What is required — Set down a precise copy of the whole listing.

□ □ □

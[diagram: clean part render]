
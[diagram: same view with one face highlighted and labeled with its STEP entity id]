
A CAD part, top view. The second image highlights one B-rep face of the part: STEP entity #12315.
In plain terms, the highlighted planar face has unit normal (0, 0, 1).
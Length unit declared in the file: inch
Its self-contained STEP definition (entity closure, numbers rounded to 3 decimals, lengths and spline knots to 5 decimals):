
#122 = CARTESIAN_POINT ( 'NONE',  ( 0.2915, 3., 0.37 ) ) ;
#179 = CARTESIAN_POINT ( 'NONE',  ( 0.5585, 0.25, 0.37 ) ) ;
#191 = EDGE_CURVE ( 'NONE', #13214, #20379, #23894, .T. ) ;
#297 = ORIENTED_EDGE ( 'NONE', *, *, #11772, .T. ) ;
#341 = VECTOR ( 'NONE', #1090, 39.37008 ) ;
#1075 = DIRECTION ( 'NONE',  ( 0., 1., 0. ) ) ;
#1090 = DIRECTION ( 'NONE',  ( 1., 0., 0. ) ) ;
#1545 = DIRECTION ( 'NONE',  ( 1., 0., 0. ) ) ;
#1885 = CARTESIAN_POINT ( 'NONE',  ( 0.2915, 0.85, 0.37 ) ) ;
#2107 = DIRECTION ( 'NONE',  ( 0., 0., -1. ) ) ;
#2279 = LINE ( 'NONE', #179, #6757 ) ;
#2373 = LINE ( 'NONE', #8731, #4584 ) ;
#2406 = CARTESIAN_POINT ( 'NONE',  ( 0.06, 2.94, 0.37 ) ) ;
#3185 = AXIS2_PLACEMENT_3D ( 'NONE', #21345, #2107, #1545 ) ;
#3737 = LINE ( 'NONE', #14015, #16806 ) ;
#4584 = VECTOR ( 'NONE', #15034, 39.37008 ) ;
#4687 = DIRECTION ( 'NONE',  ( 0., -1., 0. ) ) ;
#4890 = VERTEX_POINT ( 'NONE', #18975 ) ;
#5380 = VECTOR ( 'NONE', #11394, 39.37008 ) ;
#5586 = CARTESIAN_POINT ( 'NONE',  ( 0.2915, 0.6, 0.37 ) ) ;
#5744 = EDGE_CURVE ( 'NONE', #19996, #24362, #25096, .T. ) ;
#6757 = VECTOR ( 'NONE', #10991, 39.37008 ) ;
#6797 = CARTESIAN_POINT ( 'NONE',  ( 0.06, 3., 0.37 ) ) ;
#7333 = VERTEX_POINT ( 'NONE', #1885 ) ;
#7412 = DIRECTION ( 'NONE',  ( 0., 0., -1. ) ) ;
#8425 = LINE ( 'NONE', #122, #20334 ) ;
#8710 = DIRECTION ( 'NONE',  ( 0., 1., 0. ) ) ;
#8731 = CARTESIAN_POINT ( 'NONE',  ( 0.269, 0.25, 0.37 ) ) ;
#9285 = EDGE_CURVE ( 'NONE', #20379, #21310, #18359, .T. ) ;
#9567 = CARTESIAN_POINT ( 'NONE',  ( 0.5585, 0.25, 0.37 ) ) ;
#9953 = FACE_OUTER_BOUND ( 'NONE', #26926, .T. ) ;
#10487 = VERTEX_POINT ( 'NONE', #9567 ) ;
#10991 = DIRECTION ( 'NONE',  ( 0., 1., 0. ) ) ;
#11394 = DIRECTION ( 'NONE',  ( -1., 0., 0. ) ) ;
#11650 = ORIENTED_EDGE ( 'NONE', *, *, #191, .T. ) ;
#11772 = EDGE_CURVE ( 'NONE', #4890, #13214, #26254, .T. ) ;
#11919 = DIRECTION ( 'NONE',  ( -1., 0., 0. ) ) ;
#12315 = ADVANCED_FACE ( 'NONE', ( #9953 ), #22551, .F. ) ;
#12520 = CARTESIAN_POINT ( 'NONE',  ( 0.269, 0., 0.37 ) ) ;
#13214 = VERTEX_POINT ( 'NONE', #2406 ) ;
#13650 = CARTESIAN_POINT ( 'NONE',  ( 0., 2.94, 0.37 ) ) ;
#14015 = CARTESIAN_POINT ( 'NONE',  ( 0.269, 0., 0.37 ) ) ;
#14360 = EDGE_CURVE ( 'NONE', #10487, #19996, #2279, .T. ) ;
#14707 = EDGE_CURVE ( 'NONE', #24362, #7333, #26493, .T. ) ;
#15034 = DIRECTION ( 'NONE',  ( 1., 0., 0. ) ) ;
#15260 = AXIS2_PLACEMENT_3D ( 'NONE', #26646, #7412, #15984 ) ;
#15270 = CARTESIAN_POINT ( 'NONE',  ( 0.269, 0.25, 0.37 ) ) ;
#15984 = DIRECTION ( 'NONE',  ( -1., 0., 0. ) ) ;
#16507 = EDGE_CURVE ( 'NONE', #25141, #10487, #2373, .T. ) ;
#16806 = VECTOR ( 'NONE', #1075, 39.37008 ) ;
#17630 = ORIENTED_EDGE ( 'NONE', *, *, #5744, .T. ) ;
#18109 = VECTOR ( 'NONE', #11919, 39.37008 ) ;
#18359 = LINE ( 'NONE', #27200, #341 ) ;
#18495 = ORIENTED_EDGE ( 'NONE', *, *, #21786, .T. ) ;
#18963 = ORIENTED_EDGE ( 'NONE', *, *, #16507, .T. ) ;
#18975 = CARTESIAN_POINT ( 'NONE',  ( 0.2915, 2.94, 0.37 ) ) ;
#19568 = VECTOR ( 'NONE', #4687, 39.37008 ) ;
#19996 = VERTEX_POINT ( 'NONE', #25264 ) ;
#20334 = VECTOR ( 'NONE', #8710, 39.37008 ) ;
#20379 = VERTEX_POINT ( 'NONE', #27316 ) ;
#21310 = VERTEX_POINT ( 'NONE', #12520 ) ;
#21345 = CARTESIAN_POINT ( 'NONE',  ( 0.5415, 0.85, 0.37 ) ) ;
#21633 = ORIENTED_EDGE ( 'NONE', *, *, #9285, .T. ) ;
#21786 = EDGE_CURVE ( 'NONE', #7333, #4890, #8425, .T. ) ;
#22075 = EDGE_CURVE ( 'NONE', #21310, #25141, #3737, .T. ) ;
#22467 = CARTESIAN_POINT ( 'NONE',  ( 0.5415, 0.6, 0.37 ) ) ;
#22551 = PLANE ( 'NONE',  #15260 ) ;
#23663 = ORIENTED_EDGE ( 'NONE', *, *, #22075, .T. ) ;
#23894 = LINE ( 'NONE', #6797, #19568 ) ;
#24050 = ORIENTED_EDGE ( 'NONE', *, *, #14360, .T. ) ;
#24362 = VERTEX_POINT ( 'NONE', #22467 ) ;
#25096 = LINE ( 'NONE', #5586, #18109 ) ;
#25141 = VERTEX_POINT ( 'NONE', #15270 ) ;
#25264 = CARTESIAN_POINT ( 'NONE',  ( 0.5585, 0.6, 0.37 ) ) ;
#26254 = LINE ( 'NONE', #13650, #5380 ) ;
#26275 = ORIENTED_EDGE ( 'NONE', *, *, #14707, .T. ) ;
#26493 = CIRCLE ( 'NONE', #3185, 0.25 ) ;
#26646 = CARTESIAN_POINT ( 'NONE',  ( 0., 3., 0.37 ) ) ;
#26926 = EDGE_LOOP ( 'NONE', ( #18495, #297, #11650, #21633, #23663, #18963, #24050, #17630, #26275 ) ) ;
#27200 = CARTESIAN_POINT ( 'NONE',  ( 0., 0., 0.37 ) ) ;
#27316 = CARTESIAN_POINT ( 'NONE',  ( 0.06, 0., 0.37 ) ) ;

□ □ □

Answer for the task —
[diagram: clean part render]
[diagram: same view with one face highlighted and labeled with its STEP entity id]
A CAD part, top view. The second image highlights one B-rep face of the part: STEP entity #12315.
In plain terms, the highlighted planar face has unit normal (0, 0, 1).
Length unit declared in the file: inch
Its self-contained STEP definition (entity closure, numbers rounded to 3 decimals, lengths and spline knots to 5 decimals):
#122 = CARTESIAN_POINT ( 'NONE',  ( 0.2915, 3., 0.37 ) ) ;
#179 = CARTESIAN_POINT ( 'NONE',  ( 0.5585, 0.25, 0.37 ) ) ;
#191 = EDGE_CURVE ( 'NONE', #13214, #20379, #23894, .T. ) ;
#297 = ORIENTED_EDGE ( 'NONE', *, *, #11772, .T. ) ;
#341 = VECTOR ( 'NONE', #1090, 39.37008 ) ;
#1075 = DIRECTION ( 'NONE',  ( 0., 1., 0. ) ) ;
#1090 = DIRECTION ( 'NONE',  ( 1., 0., 0. ) ) ;
#1545 = DIRECTION ( 'NONE',  ( 1., 0., 0. ) ) ;
#1885 = CARTESIAN_POINT ( 'NONE',  ( 0.2915, 0.85, 0.37 ) ) ;
#2107 = DIRECTION ( 'NONE',  ( 0., 0., -1. ) ) ;
#2279 = LINE ( 'NONE', #179, #6757 ) ;
#2373 = LINE ( 'NONE', #8731, #4584 ) ;
#2406 = CARTESIAN_POINT ( 'NONE',  ( 0.06, 2.94, 0.37 ) ) ;
#3185 = AXIS2_PLACEMENT_3D ( 'NONE', #21345, #2107, #1545 ) ;
#3737 = LINE ( 'NONE', #14015, #16806 ) ;
#4584 = VECTOR ( 'NONE', #15034, 39.37008 ) ;
#4687 = DIRECTION ( 'NONE',  ( 0., -1., 0. ) ) ;
#4890 = VERTEX_POINT ( 'NONE', #18975 ) ;
#5380 = VECTOR ( 'NONE', #11394, 39.37008 ) ;
#5586 = CARTESIAN_POINT ( 'NONE',  ( 0.2915, 0.6, 0.37 ) ) ;
#5744 = EDGE_CURVE ( 'NONE', #19996, #24362, #25096, .T. ) ;
#6757 = VECTOR ( 'NONE', #10991, 39.37008 ) ;
#6797 = CARTESIAN_POINT ( 'NONE',  ( 0.06, 3., 0.37 ) ) ;
#7333 = VERTEX_POINT ( 'NONE', #1885 ) ;
#7412 = DIRECTION ( 'NONE',  ( 0., 0., -1. ) ) ;
#8425 = LINE ( 'NONE', #122, #20334 ) ;
#8710 = DIRECTION ( 'NONE',  ( 0., 1., 0. ) ) ;
#8731 = CARTESIAN_POINT ( 'NONE',  ( 0.269, 0.25, 0.37 ) ) ;
#9285 = EDGE_CURVE ( 'NONE', #20379, #21310, #18359, .T. ) ;
#9567 = CARTESIAN_POINT ( 'NONE',  ( 0.5585, 0.25, 0.37 ) ) ;
#9953 = FACE_OUTER_BOUND ( 'NONE', #26926, .T. ) ;
#10487 = VERTEX_POINT ( 'NONE', #9567 ) ;
#10991 = DIRECTION ( 'NONE',  ( 0., 1., 0. ) ) ;
#11394 = DIRECTION ( 'NONE',  ( -1., 0., 0. ) ) ;
#11650 = ORIENTED_EDGE ( 'NONE', *, *, #191, .T. ) ;
#11772 = EDGE_CURVE ( 'NONE', #4890, #13214, #26254, .T. ) ;
#11919 = DIRECTION ( 'NONE',  ( -1., 0., 0. ) ) ;
#12315 = ADVANCED_FACE ( 'NONE', ( #9953 ), #22551, .F. ) ;
#12520 = CARTESIAN_POINT ( 'NONE',  ( 0.269, 0., 0.37 ) ) ;
#13214 = VERTEX_POINT ( 'NONE', #2406 ) ;
#13650 = CARTESIAN_POINT ( 'NONE',  ( 0., 2.94, 0.37 ) ) ;
#14015 = CARTESIAN_POINT ( 'NONE',  ( 0.269, 0., 0.37 ) ) ;
#14360 = EDGE_CURVE ( 'NONE', #10487, #19996, #2279, .T. ) ;
#14707 = EDGE_CURVE ( 'NONE', #24362, #7333, #26493, .T. ) ;
#15034 = DIRECTION ( 'NONE',  ( 1., 0., 0. ) ) ;
#15260 = AXIS2_PLACEMENT_3D ( 'NONE', #26646, #7412, #15984 ) ;
#15270 = CARTESIAN_POINT ( 'NONE',  ( 0.269, 0.25, 0.37 ) ) ;
#15984 = DIRECTION ( 'NONE',  ( -1., 0., 0. ) ) ;
#16507 = EDGE_CURVE ( 'NONE', #25141, #10487, #2373, .T. ) ;
#16806 = VECTOR ( 'NONE', #1075, 39.37008 ) ;
#17630 = ORIENTED_EDGE ( 'NONE', *, *, #5744, .T. ) ;
#18109 = VECTOR ( 'NONE', #11919, 39.37008 ) ;
#18359 = LINE ( 'NONE', #27200, #341 ) ;
#18495 = ORIENTED_EDGE ( 'NONE', *, *, #21786, .T. ) ;
#18963 = ORIENTED_EDGE ( 'NONE', *, *, #16507, .T. ) ;
#18975 = CARTESIAN_POINT ( 'NONE',  ( 0.2915, 2.94, 0.37 ) ) ;
#19568 = VECTOR ( 'NONE', #4687, 39.37008 ) ;
#19996 = VERTEX_POINT ( 'NONE', #25264 ) ;
#20334 = VECTOR ( 'NONE', #8710, 39.37008 ) ;
#20379 = VERTEX_POINT ( 'NONE', #27316 ) ;
#21310 = VERTEX_POINT ( 'NONE', #12520 ) ;
#21345 = CARTESIAN_POINT ( 'NONE',  ( 0.5415, 0.85, 0.37 ) ) ;
#21633 = ORIENTED_EDGE ( 'NONE', *, *, #9285, .T. ) ;
#21786 = EDGE_CURVE ( 'NONE', #7333, #4890, #8425, .T. ) ;
#22075 = EDGE_CURVE ( 'NONE', #21310, #25141, #3737, .T. ) ;
#22467 = CARTESIAN_POINT ( 'NONE',  ( 0.5415, 0.6, 0.37 ) ) ;
#22551 = PLANE ( 'NONE',  #15260 ) ;
#23663 = ORIENTED_EDGE ( 'NONE', *, *, #22075, .T. ) ;
#23894 = LINE ( 'NONE', #6797, #19568 ) ;
#24050 = ORIENTED_EDGE ( 'NONE', *, *, #14360, .T. ) ;
#24362 = VERTEX_POINT ( 'NONE', #22467 ) ;
#25096 = LINE ( 'NONE', #5586, #18109 ) ;
#25141 = VERTEX_POINT ( 'NONE', #15270 ) ;
#25264 = CARTESIAN_POINT ( 'NONE',  ( 0.5585, 0.6, 0.37 ) ) ;
#26254 = LINE ( 'NONE', #13650, #5380 ) ;
#26275 = ORIENTED_EDGE ( 'NONE', *, *, #14707, .T. ) ;
#26493 = CIRCLE ( 'NONE', #3185, 0.25 ) ;
#26646 = CARTESIAN_POINT ( 'NONE',  ( 0., 3., 0.37 ) ) ;
#26926 = EDGE_LOOP ( 'NONE', ( #18495, #297, #11650, #21633, #23663, #18963, #24050, #17630, #26275 ) ) ;
#27200 = CARTESIAN_POINT ( 'NONE',  ( 0., 0., 0.37 ) ) ;
#27316 = CARTESIAN_POINT ( 'NONE',  ( 0.06, 0., 0.37 ) ) ;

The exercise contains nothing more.